Support & resistance
Pull up almost any chart and you'll see it: price falls to a certain level, stops as if it hit a floor, and bounces. Later it climbs to another level, stalls as if it hit a ceiling, and drops. Those invisible floors and ceilings aren't a coincidence — and they might be the most useful thing on the whole chart.
This is the one idea that, if you only remembered a single lesson from this entire course, would still make you a better trader. So let's give it the attention it deserves.
Support is a price level where falling tends to stop — a floor. As price drops toward it, buyers get interested enough to overpower the sellers, and price bounces back up. Resistance is the opposite — a ceiling. As price rises toward it, sellers get eager enough to overpower the buyers, and price gets knocked back down. Support catches; resistance caps.
Why do these levels exist at all? Memory. A price where lots of people bought, sold, or got burned becomes a level everyone remembers and reacts to — so it becomes self-fulfilling. Round numbers ($50, $100) act the same way because they're psychological magnets. Support and resistance are really just crowd psychology drawn as a horizontal line.
Two things to hold onto. First, they're zones, not exact lines — think of support as a neighborhood around $50, not the precise penny. Second, when a level finally breaks, it tends to flip roles: broken resistance often becomes the new support, and broken support becomes the new resistance. The ceiling you punch through becomes the floor you stand on.
Here's price bouncing between a support zone and a resistance zone — then breaking out and showing that role-reversal in action:
support holds · resistance caps · then the roles flip
Notice how this stacks on the last two lessons. Those bounces are exactly the swing highs and swing lows that build a trend — resistance is where lower highs form in a downtrend, support is where higher lows form in an uptrend. Support and resistance aren't a separate topic; they're where the structure turns. That's why they're such natural places to plan a trade: a good entry, and later a good stop-loss, almost always lives near one of these levels.
Every level eventually breaks — that's not a bug, it's the whole point. Support and resistance tell you where price is likely to react, never where it's guaranteed to stop. Treating a line as a wall that "can't" be crossed is how people hold a losing trade all the way down, insisting the floor will save them.
Worse, the most obvious levels are the ones everyone can see — which makes them prime spots for false breakouts and stop-hunts, where price pokes just past the level to trigger a crowd of stops, then snaps back. This is exactly why later lessons pair these levels with confirmation (like the volume in the next lesson) instead of blindly trusting the line. A level is a place to pay attention, not a place to stop thinking.
Used with that respect, though, support and resistance quietly organize the entire chart for you. They give you objective places to expect a reaction, to enter with the odds tilted your way, and — crucially — to set a stop just beyond the level so you know your exact risk before you click. A trade planned around a clear level has a defined "I was wrong" point built right in. That single habit is worth more than any indicator you'll meet later.
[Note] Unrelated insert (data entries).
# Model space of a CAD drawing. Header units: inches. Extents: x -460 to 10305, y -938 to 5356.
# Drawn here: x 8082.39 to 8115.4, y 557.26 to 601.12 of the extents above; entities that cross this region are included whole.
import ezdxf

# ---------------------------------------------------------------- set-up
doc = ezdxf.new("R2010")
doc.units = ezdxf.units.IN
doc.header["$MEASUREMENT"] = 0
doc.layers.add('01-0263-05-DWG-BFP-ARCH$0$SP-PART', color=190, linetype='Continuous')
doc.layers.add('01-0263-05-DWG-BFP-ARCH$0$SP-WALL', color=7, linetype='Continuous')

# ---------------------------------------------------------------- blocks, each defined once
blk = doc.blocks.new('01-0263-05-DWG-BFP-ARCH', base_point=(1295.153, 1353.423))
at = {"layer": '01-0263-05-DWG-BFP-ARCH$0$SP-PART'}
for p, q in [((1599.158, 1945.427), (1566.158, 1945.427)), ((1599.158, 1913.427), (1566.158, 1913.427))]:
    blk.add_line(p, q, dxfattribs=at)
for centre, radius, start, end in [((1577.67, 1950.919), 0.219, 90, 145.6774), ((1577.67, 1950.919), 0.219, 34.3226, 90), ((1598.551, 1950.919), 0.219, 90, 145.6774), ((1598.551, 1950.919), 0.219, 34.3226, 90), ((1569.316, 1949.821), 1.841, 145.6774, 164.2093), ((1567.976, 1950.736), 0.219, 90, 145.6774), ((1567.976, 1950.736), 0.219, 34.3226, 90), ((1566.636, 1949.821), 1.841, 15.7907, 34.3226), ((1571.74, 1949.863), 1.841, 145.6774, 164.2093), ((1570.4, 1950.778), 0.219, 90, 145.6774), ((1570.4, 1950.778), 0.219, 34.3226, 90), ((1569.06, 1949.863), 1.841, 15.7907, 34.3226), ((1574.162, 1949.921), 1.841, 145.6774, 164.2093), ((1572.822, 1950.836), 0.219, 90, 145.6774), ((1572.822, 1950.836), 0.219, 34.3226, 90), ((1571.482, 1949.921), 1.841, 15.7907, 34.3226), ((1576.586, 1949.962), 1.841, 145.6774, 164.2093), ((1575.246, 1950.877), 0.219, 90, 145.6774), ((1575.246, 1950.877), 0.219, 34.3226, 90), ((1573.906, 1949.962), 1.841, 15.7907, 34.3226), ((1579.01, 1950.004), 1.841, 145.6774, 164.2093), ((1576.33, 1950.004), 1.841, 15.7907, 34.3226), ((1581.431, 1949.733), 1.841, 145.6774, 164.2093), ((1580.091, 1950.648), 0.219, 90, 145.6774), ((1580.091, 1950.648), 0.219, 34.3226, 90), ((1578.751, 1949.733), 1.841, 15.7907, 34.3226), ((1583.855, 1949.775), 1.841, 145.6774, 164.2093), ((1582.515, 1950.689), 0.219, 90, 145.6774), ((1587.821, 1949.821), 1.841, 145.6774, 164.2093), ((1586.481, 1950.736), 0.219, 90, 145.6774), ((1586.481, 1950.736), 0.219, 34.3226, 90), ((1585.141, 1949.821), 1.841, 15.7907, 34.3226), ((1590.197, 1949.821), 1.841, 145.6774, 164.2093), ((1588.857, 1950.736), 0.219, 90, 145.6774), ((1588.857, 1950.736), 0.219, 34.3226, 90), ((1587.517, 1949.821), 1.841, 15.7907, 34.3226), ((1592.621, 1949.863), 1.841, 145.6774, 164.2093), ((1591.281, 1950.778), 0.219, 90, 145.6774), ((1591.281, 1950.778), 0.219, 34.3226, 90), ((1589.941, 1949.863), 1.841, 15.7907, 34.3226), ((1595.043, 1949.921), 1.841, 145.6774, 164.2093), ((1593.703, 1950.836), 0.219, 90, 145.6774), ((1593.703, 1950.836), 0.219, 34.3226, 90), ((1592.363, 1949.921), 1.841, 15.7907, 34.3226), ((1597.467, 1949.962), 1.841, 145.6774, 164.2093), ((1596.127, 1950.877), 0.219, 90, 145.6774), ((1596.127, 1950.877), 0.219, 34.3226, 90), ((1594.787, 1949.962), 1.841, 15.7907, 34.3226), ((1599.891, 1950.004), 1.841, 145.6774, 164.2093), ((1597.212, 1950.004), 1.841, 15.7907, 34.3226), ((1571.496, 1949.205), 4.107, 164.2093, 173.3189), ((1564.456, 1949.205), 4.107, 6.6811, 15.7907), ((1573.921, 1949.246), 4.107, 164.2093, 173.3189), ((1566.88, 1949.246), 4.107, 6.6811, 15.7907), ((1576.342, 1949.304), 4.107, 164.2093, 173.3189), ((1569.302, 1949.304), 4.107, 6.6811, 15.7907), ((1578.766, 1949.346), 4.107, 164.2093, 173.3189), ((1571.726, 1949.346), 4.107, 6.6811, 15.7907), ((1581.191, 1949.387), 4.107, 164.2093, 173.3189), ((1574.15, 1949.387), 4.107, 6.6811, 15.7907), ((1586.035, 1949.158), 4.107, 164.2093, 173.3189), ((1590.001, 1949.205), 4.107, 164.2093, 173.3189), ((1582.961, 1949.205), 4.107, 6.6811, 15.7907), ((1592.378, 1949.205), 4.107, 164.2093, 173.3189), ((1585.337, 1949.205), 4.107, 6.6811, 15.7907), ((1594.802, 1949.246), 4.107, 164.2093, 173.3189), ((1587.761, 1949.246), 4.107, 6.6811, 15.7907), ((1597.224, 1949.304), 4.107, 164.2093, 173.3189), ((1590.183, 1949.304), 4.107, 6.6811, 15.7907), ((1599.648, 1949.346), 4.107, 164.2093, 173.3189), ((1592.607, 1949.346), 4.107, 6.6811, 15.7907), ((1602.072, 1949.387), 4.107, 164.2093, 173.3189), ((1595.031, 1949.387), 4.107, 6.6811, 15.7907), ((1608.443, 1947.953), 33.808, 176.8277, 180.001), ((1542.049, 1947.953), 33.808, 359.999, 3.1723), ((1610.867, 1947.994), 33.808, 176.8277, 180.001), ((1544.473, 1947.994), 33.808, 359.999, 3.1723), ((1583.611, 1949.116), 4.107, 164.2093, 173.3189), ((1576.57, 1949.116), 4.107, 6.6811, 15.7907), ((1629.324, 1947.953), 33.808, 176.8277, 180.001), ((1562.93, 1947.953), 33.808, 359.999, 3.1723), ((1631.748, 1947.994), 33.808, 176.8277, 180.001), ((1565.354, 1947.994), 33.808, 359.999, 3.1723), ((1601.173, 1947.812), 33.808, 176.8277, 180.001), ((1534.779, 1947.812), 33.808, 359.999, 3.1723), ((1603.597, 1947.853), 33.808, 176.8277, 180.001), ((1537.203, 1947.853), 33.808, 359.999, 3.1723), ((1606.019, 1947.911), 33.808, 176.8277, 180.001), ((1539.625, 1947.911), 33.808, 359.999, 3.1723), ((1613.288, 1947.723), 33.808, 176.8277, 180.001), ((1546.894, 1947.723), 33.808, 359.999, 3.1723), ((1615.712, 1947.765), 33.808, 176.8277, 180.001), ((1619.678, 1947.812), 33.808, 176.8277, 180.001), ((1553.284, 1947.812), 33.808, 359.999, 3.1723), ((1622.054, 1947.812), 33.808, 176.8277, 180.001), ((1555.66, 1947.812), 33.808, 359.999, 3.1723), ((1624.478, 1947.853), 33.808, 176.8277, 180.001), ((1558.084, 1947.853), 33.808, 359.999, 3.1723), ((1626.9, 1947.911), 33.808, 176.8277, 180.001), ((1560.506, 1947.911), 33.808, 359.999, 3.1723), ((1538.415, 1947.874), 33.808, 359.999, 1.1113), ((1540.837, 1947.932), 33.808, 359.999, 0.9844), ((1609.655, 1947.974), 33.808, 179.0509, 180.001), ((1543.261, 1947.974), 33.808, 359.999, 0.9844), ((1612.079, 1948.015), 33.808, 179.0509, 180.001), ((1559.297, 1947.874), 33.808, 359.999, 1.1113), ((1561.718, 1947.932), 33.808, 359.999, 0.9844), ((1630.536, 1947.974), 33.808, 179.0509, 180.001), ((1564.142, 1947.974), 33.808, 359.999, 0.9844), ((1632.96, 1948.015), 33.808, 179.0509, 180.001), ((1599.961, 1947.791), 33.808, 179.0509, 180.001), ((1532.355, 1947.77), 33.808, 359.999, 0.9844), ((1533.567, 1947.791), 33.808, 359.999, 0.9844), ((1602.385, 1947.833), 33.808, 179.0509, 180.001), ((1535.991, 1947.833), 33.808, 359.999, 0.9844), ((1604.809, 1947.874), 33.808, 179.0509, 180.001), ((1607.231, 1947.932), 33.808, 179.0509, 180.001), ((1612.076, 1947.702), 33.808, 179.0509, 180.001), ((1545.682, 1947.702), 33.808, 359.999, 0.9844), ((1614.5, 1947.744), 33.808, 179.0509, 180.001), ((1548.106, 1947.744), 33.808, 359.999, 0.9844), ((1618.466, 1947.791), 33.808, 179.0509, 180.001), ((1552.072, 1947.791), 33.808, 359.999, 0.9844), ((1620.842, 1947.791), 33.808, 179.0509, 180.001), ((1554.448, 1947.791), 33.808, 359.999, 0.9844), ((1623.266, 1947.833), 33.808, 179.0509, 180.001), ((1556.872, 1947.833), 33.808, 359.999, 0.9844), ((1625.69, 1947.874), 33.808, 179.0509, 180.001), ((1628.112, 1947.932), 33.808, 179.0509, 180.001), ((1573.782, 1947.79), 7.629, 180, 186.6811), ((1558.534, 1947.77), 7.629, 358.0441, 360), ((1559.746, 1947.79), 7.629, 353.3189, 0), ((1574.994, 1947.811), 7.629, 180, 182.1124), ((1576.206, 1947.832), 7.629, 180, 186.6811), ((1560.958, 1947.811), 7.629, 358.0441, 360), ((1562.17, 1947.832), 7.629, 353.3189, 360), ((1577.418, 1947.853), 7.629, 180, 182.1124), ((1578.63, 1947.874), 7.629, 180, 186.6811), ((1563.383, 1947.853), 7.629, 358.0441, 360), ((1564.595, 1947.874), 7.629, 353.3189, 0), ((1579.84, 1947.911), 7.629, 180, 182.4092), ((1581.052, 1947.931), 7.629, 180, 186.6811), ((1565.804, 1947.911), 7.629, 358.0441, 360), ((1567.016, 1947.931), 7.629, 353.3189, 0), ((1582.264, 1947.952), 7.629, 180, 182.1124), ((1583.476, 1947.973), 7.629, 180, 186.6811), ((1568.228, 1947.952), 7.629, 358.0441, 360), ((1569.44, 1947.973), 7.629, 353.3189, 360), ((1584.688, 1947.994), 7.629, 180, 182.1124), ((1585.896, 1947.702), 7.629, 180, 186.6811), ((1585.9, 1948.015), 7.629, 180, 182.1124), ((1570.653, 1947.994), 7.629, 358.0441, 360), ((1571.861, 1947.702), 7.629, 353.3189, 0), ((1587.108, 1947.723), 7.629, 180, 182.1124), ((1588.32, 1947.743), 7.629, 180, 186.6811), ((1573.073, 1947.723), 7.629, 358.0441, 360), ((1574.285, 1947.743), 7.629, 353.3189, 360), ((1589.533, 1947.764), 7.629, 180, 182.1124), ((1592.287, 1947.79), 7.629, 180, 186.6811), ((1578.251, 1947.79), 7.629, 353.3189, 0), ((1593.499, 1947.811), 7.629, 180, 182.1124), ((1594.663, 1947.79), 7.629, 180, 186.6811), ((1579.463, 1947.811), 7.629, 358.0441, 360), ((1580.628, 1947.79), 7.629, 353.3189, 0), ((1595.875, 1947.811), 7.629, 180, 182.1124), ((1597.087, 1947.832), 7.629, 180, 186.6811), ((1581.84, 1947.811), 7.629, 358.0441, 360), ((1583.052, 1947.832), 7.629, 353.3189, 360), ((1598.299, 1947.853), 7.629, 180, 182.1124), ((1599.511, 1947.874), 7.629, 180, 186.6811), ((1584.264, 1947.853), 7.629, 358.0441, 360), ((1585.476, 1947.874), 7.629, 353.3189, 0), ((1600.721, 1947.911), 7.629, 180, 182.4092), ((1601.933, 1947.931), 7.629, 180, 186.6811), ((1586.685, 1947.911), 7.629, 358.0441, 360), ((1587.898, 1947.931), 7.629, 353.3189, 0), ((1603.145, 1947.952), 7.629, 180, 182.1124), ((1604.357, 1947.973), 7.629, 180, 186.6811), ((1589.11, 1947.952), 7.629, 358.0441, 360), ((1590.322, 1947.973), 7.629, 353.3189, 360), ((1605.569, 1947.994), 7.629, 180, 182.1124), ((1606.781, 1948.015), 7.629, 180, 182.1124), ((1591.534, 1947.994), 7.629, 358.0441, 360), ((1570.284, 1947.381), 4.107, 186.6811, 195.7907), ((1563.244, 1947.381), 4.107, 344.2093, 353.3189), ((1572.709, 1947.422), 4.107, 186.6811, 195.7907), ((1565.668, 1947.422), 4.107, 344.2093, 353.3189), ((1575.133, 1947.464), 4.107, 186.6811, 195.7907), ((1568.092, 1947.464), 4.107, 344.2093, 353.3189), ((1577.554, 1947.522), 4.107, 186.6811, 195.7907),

Open the Lab and, on a paused chart, draw a horizontal line across two or three obvious peaks and another across two or three obvious valleys. You've just mapped resistance and support. Now press Play and watch how price behaves as it approaches each line.
Count how often it reacts near your levels versus sailing straight through — and pay special attention to any level that breaks and then flips role. Getting a feel for "reacts here, but not a guarantee" is the whole skill. These same lines become your entry and stop-loss anchors in the setups later on.
Open the Lab →- Support is a floor where falling stops and buyers take over; resistance is a ceiling where rising stops and sellers take over. They exist because of crowd memory and psychology.
- Treat them as zones, not exact lines, and remember roles flip: broken resistance often becomes support, and vice versa — a very reliable tell.
- Every level eventually breaks, and obvious ones invite false breakouts. Use them to plan entries and stops with defined risk — but pair them with confirmation, never blind faith.